L’arricchimento della classe finanziaria (che procede imperterrito perfino negli anni più neri di recessione e di crisi) non può avvenire che al prezzo di un impoverimento della società.

Il superamento della crisi del 1929 o della stagflazione degli anni ’70 comportava una riattivazione della crescita e una distribuzione (per quanto diseguale e iniqua) del valore prodotto. I lavoratori partecipavano alla ripresa economica: l’occupazione aumentava, i salari crescevano, la quota di reddito destinata al lavoro rimaneva stabile, o addirittura cresceva come accadde negli anni ’60.
Ora non è più così. La formula jobless recovery è un ipocrita mascheramento della realtà: la fuoriuscita dalla recessione e l’incremento della produttività non comportano assolutamente un aumento dell’occupazione, e meno che meno un progresso salariale.

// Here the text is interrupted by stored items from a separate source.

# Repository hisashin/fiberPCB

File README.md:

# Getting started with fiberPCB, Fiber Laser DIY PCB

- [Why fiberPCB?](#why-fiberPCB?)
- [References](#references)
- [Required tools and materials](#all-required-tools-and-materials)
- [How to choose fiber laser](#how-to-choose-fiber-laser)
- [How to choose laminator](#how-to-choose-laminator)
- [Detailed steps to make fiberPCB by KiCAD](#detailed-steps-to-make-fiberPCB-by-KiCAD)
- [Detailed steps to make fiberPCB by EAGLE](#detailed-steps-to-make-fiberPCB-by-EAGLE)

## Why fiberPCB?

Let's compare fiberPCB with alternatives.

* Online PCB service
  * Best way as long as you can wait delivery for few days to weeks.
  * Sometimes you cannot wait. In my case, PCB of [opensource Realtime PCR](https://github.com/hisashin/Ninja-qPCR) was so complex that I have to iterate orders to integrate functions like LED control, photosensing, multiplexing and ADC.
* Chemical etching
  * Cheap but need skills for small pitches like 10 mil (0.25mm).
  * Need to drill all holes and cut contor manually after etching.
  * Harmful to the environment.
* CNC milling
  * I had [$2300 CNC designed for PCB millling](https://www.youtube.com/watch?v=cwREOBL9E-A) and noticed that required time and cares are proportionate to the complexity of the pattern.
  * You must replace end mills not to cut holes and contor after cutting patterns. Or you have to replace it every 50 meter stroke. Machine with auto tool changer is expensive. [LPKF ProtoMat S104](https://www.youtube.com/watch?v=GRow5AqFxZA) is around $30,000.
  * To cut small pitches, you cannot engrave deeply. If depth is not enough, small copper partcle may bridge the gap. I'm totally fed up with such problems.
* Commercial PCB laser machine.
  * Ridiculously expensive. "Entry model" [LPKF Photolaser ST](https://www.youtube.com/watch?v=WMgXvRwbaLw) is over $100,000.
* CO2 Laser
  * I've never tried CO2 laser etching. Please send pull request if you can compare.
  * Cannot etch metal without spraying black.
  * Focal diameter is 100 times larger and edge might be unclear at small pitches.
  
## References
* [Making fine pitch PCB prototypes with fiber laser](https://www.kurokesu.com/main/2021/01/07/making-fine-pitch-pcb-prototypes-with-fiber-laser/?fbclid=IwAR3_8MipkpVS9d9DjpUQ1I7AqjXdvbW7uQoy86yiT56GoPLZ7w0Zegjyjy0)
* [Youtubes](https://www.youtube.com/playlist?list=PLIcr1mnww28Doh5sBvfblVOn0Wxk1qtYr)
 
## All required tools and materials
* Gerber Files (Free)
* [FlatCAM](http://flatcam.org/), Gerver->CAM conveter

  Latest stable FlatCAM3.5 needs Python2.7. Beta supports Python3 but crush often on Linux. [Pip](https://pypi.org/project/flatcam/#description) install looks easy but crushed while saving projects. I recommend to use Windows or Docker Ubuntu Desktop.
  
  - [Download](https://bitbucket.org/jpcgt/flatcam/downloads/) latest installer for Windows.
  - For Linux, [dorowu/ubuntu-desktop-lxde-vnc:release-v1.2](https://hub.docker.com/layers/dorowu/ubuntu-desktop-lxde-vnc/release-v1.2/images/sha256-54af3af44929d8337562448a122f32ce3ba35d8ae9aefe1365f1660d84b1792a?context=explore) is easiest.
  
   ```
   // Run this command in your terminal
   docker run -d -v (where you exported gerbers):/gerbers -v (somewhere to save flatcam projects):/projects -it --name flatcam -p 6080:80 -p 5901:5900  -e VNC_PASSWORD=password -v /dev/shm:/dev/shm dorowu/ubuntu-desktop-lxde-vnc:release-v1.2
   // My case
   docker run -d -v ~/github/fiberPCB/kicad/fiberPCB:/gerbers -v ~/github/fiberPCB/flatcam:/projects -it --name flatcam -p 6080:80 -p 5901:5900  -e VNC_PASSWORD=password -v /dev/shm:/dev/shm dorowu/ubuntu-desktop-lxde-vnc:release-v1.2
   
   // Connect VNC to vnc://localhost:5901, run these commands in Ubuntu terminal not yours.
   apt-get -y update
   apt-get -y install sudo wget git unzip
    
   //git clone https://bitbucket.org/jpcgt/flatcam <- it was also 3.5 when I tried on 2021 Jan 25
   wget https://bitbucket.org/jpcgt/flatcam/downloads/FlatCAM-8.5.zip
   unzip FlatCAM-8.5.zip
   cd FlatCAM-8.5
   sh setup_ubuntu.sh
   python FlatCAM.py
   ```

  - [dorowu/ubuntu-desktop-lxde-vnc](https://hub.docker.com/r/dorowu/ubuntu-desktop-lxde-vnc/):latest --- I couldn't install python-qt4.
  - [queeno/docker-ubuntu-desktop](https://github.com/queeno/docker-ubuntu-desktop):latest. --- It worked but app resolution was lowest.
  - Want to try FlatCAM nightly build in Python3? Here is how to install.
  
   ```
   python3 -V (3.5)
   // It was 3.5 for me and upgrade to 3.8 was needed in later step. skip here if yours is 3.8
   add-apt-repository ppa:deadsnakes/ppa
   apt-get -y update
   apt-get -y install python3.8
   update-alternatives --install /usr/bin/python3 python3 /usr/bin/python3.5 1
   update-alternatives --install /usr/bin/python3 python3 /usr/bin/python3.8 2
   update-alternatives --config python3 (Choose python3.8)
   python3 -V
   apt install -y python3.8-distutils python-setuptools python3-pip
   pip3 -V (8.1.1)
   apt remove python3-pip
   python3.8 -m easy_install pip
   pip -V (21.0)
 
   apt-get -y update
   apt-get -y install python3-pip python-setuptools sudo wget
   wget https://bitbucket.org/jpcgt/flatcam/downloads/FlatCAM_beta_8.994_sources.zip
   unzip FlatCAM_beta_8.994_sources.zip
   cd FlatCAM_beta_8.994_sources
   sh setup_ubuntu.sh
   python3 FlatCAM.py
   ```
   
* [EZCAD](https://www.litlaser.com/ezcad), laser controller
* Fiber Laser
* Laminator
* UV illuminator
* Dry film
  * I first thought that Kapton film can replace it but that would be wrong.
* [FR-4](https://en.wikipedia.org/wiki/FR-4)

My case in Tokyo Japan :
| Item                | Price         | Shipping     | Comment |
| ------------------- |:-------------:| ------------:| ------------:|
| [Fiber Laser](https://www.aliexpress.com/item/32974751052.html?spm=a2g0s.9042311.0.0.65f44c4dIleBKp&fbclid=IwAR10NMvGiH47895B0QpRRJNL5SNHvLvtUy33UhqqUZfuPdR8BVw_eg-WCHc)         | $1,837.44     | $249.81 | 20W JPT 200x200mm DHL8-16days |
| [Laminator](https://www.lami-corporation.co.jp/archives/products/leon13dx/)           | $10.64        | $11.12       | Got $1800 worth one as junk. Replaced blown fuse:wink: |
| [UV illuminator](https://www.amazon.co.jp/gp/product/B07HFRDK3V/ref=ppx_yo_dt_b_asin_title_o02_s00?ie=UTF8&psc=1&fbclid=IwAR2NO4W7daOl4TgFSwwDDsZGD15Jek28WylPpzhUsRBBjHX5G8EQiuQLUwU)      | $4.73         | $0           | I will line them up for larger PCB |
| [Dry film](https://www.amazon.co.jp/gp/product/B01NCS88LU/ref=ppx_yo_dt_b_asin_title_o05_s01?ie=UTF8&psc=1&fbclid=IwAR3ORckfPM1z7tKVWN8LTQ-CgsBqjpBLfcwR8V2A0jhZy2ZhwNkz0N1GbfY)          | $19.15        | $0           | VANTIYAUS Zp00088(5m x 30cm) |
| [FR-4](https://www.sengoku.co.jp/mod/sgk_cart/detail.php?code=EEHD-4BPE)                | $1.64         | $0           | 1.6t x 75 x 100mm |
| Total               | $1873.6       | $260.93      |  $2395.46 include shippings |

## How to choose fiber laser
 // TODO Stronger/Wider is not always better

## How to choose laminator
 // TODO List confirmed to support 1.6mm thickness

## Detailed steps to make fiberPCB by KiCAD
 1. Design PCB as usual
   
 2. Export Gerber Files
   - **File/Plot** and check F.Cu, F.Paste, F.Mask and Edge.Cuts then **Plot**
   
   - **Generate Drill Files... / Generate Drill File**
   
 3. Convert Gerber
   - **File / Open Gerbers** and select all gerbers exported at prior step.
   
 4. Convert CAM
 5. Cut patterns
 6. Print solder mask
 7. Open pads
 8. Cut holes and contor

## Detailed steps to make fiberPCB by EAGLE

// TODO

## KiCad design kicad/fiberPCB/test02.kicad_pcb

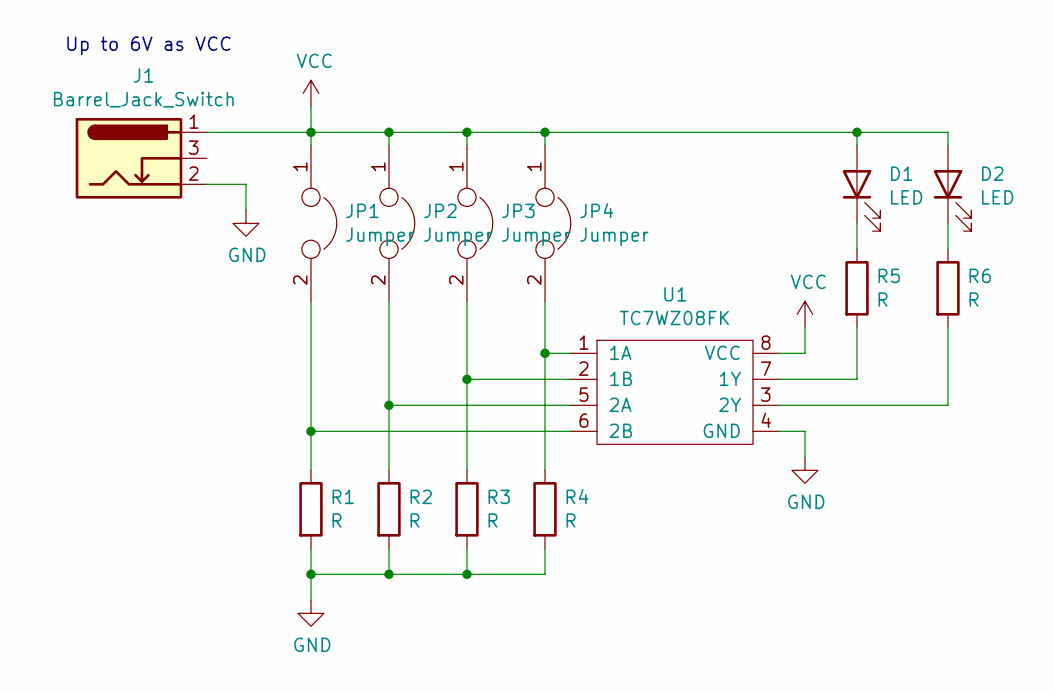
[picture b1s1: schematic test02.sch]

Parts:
D1, D2: LED; LED_D5.0mm
J1: Barrel_Jack_Switch; BarrelJack_Horizontal
JP1, JP3: Jumper; SolderJumper-2_P1.3mm_Open_Pad1.0x1.5mm
JP2: Jumper; SolderJumper-2_P1.3mm_Open_RoundedPad1.0x1.5mm
JP4: Jumper; SolderJumper-2_P1.3mm_Open_TrianglePad1.0x1.5mm
R1, R3, R5: R; R_0603
R2, R4, R6: R; R_0603_HandSoldering
U1: TC7WZ08FK; SOP50P310X90-8N

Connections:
GND: J1.2, R1.2, R2.2, R3.2, R4.2, U1.4 (GND)
unnamed: D1.1 (K), R5.1
unnamed: D2.1 (K), R6.1
unnamed: JP1.2, R1.1, U1.6 (2B)
unnamed: JP2.2, R2.1, U1.5 (2A)
unnamed: JP3.2, R3.1, U1.2 (1B)
unnamed: JP4.2, R4.1, U1.1 (1A)
unnamed: R5.2, U1.7 (1Y)
unnamed: R6.2, U1.3 (2Y)
VCC: D1.2 (A), D2.2 (A), J1.1, JP1.1, JP2.1, JP3.1, JP4.1, U1.8 (VCC)

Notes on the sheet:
Up to 6V as VCC

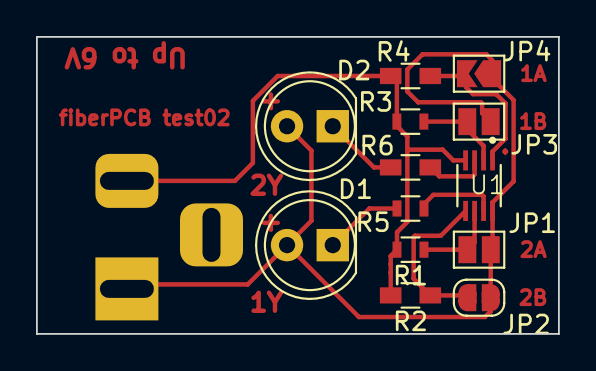
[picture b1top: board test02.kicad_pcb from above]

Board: 2 copper layers, 29.0 x 16.5 mm, 14 parts (1 on the bottom side), 10 nets.

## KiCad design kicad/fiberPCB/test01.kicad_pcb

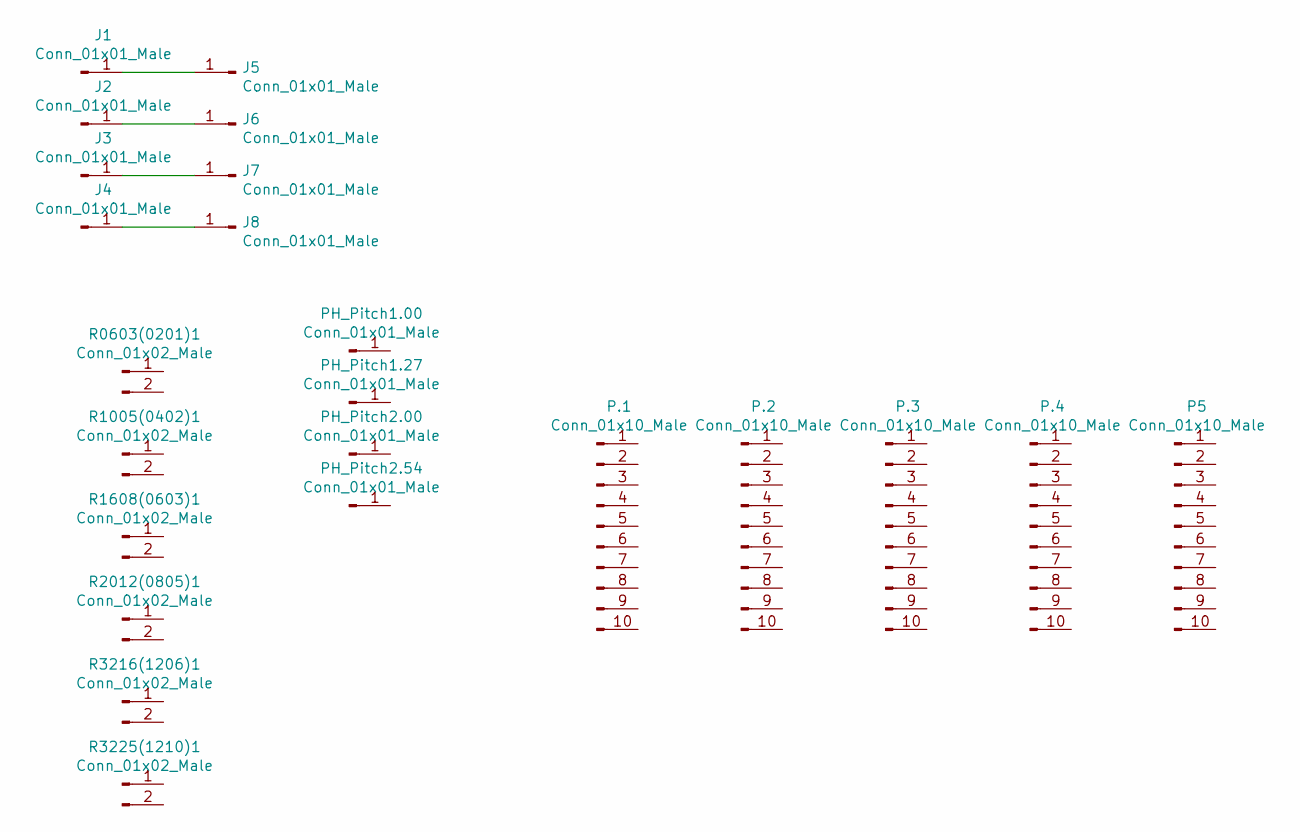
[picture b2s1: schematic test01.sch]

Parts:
J1, J2, J3, J4, J5, J6, J7, J8: Conn_01x01_Male; Checkpoint
P5: Conn_01x10_Male; SOIC-10-1.0-gap0.4
P.1: Conn_01x10_Male; SOIC-10-0.4-gap0.2
P.2: Conn_01x10_Male; SOIC-10-0.5-gap0.25
P.3: Conn_01x10_Male; SOIC-10-0.65-gap0.3
P.4: Conn_01x10_Male; SOIC-10-0.8-gap0.35
PH_Pitch1.00: Conn_01x01_Male; Pin_Header_Straight_1x01_Pitch1.00mm
PH_Pitch1.27: Conn_01x01_Male; Pin_Header_Straight_1x01_Pitch1.27mm
PH_Pitch2.00: Conn_01x01_Male; Pin_Header_Straight_1x01_Pitch2.00mm
PH_Pitch2.54: Conn_01x01_Male; Pin_Header_Straight_1x01_Pitch2.54mm
R0603(0201)1: Conn_01x02_Male; R_0201
R1005(0402)1: Conn_01x02_Male; R_0402
R1608(0603)1: Conn_01x02_Male; R_0603
R2012(0805)1: Conn_01x02_Male; R_0805
R3216(1206)1: Conn_01x02_Male; R_1206
R3225(1210)1: Conn_01x02_Male; R_1210

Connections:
unnamed: J1.1, J5.1
unnamed: J2.1, J6.1
unnamed: J3.1, J7.1
unnamed: J4.1, J8.1

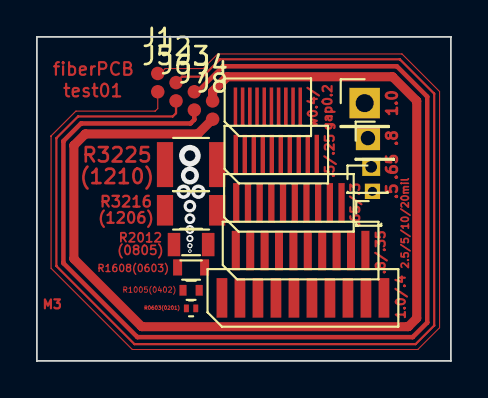
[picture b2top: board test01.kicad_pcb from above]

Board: 2 copper layers, 23.0 x 18.0 mm, 23 parts (0 on the bottom side), 4 nets.

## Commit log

2021-01-21 add test pattern
2021-01-21 add image of step1
2021-01-21 made test01 pattern
2021-01-21 rewire test01 pattern
2021-01-22 describe steps
2021-01-22 add step2_drilll
2021-01-22 update test02
2021-01-23 add step3

Al contrario, la ripresa si fonda proprio su aumento del tempo di lavoro e riduzione dell’occupazione. Più disoccupati, più miseria, più sfruttamento, quindi più profitti.

La dissociazione tra il destino della macchina finanziaria e il destino della società è totale, perché il solo modo di arricchirsi della macchina finanziaria consiste nell’impoverire la società.
L’euro è stato lo strumento per l’imposizione di questo modello predatorio. Il problema dunque non è uscire dall’euro, ma uscire dal modello predatorio del capitalismo finanziario. Uscire dall’euro significherebbe accelerare la fine del progetto politico europeo senza mettere in questione le vere cause dell’impoverimento della società.

Ma chi ha la forza per fermare o rovesciare la dinamica predatoria finazista? Un movimento solidale dei lavoratori europei potrebbe farlo, ma la precarizzazione sta distruggendo ogni tessuto di solidarietà, e sul piano politico si sgretola il consenso di cui godeva l’Unione europea fino a pochi anni fa. Lo sgretolamento politico d’Europa è all’orizzonte, come indica la crescita di forze nazionaliste in molti paesi del continente. Se FN diventa partito di maggioranza alle prossime elezioni francesi l’Unione europea non esiste più. 

A partire da Tsipras

In questo contesto nasce la proposta della lista Tsipras. Questa lista può creare le condizioni per la ricostruzione di lungo periodo della solidarietà sociale, e per riaprire il discorso sul carattere progressivo della tecnologia, sull’alleanza tra lavoro cognitivo e società, sul reddito di cittadinanza e sulla riduzione del tempo di lavoro sociale.
Un’affermazione strepitosa della lista Tsipras alle elezioni di maggio è la condizione per rimettere in moto l’intelligenza collettiva, per ricollegare intelligenza e solidarietà, per diradare la nebbia depressiva in cui sembra vagare la mente collettiva.